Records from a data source
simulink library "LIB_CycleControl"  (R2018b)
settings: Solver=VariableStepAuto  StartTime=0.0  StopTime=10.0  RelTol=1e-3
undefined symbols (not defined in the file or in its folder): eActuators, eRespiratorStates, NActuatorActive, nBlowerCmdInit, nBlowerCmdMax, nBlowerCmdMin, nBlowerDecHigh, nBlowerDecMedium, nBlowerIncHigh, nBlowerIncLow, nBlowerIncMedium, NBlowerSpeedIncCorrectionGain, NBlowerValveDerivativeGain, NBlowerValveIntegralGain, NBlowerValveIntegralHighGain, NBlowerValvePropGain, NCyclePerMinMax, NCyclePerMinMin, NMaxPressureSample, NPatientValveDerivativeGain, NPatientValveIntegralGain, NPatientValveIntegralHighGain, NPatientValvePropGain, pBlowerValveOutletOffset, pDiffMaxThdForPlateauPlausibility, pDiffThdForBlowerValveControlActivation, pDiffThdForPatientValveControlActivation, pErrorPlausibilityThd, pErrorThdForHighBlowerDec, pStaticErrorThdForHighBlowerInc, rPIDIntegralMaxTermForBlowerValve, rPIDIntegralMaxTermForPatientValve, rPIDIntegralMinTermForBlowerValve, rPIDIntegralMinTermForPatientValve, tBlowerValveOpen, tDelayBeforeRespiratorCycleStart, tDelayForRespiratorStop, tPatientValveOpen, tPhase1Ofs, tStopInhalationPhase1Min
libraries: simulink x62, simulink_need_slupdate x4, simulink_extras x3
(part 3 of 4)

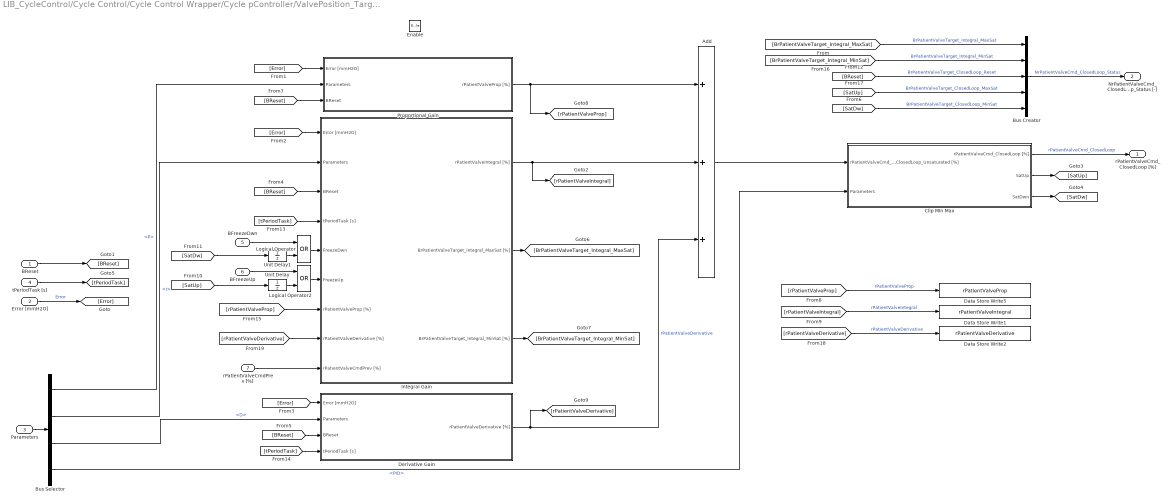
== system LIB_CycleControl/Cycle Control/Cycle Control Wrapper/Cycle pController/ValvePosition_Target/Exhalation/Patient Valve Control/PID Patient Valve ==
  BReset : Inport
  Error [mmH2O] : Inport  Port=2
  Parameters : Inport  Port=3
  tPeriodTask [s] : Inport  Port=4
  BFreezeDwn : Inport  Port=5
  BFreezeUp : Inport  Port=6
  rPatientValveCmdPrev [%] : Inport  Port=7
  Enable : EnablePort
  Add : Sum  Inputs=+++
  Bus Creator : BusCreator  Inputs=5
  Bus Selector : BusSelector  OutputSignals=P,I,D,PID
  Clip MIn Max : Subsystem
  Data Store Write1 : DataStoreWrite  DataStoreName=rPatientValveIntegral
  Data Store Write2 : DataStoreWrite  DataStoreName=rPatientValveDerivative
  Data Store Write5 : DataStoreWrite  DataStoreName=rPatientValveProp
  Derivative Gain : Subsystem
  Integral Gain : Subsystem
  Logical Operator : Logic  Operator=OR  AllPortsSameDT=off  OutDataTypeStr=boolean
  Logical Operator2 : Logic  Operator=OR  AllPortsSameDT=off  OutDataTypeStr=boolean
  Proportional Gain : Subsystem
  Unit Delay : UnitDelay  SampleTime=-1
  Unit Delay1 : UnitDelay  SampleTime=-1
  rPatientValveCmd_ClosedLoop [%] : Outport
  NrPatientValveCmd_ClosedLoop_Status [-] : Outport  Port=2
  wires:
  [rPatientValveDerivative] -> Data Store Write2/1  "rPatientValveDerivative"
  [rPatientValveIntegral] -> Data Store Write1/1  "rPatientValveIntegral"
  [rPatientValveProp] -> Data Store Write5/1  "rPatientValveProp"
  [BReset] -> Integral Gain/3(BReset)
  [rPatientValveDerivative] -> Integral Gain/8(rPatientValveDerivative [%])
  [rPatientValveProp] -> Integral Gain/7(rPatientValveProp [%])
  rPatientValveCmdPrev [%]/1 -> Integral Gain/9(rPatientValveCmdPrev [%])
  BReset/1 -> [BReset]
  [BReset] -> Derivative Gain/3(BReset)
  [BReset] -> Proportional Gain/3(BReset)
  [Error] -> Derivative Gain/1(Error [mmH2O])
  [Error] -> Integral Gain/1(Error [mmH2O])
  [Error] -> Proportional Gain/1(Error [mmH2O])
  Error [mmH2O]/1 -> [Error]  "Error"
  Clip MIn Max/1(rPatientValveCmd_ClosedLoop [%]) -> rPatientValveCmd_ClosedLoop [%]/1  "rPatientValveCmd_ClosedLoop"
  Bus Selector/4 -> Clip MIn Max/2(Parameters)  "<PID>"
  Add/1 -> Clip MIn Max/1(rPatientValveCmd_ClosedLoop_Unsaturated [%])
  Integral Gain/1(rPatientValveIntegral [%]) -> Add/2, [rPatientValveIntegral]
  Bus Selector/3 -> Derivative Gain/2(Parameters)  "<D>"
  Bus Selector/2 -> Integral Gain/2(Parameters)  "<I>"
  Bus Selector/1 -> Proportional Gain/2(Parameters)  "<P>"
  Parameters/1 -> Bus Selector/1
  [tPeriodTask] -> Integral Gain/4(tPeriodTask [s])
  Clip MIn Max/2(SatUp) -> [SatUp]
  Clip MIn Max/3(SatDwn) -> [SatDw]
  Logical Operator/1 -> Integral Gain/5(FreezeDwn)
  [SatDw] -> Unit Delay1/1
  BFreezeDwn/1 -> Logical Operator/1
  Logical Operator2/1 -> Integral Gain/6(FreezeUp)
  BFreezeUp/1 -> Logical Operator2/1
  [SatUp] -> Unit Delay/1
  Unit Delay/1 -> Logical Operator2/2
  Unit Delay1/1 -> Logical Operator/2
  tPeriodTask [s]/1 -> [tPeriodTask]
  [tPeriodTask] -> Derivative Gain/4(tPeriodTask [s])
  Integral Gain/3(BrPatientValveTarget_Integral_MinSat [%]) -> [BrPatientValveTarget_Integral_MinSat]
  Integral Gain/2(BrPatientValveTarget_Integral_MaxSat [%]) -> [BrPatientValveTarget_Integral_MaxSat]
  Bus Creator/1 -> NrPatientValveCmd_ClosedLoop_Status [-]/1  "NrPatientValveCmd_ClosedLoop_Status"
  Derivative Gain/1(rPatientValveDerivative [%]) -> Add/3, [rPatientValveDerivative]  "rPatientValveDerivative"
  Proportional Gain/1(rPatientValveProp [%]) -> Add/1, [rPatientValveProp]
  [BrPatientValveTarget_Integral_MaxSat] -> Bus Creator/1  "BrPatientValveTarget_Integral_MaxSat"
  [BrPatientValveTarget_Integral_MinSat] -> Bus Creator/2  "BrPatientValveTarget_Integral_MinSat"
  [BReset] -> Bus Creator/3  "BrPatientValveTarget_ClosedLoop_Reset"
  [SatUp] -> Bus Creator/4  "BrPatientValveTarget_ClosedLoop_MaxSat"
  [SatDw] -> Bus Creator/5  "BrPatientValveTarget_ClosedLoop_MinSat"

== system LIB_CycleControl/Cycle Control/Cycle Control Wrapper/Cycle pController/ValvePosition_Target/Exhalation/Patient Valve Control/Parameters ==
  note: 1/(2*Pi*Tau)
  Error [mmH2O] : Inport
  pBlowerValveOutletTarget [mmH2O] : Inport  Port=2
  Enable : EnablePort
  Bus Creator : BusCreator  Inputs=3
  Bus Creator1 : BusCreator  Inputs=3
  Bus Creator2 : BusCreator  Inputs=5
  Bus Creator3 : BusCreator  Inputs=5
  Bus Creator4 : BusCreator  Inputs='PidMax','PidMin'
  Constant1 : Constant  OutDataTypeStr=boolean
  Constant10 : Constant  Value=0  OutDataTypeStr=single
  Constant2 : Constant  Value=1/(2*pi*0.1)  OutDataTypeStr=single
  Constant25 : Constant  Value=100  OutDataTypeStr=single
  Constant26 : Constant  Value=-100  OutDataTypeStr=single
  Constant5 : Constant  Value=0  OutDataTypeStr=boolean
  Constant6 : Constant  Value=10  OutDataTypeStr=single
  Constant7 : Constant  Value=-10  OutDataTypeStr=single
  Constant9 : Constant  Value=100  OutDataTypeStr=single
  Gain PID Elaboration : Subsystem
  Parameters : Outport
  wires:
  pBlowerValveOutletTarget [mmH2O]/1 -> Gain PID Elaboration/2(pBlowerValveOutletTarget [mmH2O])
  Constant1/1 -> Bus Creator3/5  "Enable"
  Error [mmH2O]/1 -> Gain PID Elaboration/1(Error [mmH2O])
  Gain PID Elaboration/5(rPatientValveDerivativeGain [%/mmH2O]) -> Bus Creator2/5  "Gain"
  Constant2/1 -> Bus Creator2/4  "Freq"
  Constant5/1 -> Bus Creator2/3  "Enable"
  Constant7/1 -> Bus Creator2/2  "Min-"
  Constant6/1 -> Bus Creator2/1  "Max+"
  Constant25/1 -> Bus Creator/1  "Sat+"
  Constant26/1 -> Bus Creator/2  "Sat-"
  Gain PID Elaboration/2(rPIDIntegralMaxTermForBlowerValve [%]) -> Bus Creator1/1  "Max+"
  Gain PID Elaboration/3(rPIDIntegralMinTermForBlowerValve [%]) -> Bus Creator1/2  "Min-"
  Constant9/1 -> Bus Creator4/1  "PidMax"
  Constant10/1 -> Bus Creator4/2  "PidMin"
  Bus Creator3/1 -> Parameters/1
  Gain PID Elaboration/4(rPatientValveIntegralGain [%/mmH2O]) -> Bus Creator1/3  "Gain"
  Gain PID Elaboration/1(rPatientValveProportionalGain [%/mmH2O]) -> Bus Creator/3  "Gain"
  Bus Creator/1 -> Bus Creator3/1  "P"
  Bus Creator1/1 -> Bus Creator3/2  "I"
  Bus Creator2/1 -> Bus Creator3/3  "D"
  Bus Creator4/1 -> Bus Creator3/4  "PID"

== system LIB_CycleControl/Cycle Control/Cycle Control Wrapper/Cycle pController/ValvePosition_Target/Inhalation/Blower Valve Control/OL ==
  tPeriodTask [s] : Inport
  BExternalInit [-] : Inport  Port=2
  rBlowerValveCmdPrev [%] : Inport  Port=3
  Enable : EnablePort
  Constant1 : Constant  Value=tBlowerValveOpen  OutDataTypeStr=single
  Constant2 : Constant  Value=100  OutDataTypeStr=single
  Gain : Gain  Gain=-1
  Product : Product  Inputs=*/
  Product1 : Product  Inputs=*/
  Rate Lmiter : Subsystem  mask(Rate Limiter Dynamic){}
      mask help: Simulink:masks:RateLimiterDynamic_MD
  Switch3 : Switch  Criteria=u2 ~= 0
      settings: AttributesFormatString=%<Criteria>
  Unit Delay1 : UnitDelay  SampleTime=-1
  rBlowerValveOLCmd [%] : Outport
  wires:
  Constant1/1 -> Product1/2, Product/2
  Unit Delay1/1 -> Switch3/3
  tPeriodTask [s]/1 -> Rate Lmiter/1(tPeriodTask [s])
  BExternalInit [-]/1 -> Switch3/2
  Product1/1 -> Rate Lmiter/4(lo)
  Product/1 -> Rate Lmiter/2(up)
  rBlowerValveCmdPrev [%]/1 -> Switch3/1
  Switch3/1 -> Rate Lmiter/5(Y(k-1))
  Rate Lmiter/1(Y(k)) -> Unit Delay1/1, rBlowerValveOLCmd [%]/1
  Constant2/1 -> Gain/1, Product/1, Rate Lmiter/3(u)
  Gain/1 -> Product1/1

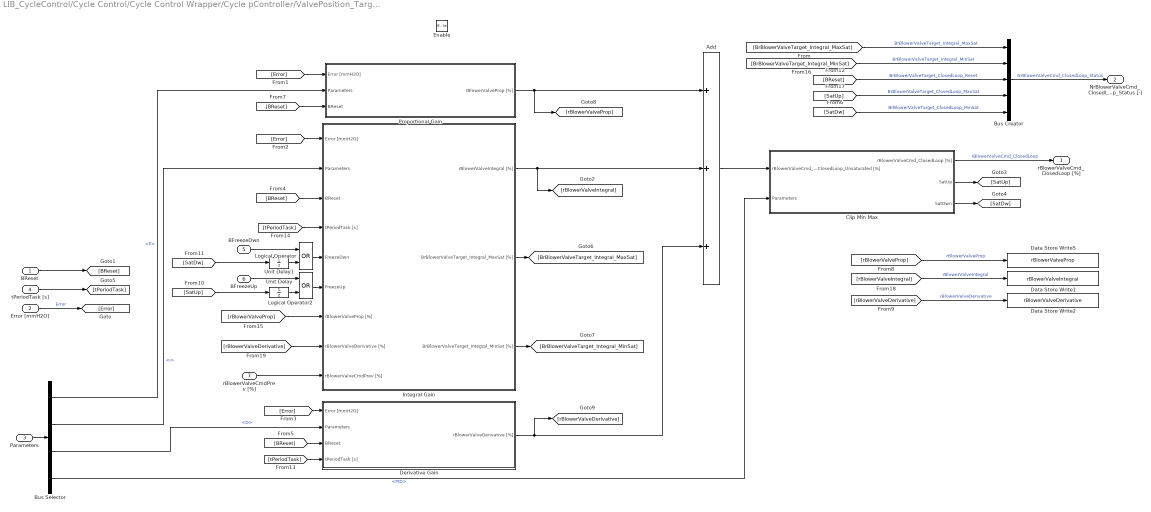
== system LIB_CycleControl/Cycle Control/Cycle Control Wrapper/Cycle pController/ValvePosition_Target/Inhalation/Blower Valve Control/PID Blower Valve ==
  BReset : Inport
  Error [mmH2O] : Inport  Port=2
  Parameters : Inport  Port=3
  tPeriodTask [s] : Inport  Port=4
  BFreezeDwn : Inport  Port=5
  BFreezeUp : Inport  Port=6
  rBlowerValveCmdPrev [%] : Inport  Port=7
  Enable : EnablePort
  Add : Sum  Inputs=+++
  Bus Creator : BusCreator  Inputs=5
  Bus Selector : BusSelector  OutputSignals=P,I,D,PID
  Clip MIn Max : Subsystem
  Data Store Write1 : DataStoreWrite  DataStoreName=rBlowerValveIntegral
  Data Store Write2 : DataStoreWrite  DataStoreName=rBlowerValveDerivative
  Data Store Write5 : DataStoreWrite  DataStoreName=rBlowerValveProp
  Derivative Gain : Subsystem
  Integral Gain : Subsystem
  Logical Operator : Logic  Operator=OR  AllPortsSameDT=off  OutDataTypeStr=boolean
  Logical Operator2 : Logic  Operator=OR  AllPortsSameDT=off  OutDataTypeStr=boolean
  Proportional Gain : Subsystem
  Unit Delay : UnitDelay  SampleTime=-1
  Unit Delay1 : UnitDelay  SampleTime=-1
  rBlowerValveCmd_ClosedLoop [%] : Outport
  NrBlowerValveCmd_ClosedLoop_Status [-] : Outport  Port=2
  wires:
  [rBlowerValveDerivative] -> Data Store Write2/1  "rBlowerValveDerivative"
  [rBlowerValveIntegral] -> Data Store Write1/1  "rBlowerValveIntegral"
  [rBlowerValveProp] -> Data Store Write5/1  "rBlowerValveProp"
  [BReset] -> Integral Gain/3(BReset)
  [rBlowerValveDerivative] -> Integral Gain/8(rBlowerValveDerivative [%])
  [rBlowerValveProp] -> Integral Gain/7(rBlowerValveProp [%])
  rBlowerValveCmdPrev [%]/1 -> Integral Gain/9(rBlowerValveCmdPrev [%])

WHAT TO WORK ON ::
Retype only this portion of the data above: the line containing "[rPatientValveIntegral] -> Data", the line containing "[Error] -> Integral Gain/1(Error [mmH2O])", and all lines between them, exactly.

YOUR SOLUTION ::
  [rPatientValveIntegral] -> Data Store Write1/1  "rPatientValveIntegral"
  [rPatientValveProp] -> Data Store Write5/1  "rPatientValveProp"
  [BReset] -> Integral Gain/3(BReset)
  [rPatientValveDerivative] -> Integral Gain/8(rPatientValveDerivative [%])
  [rPatientValveProp] -> Integral Gain/7(rPatientValveProp [%])
  rPatientValveCmdPrev [%]/1 -> Integral Gain/9(rPatientValveCmdPrev [%])
  BReset/1 -> [BReset]
  [BReset] -> Derivative Gain/3(BReset)
  [BReset] -> Proportional Gain/3(BReset)
  [Error] -> Derivative Gain/1(Error [mmH2O])
  [Error] -> Integral Gain/1(Error [mmH2O])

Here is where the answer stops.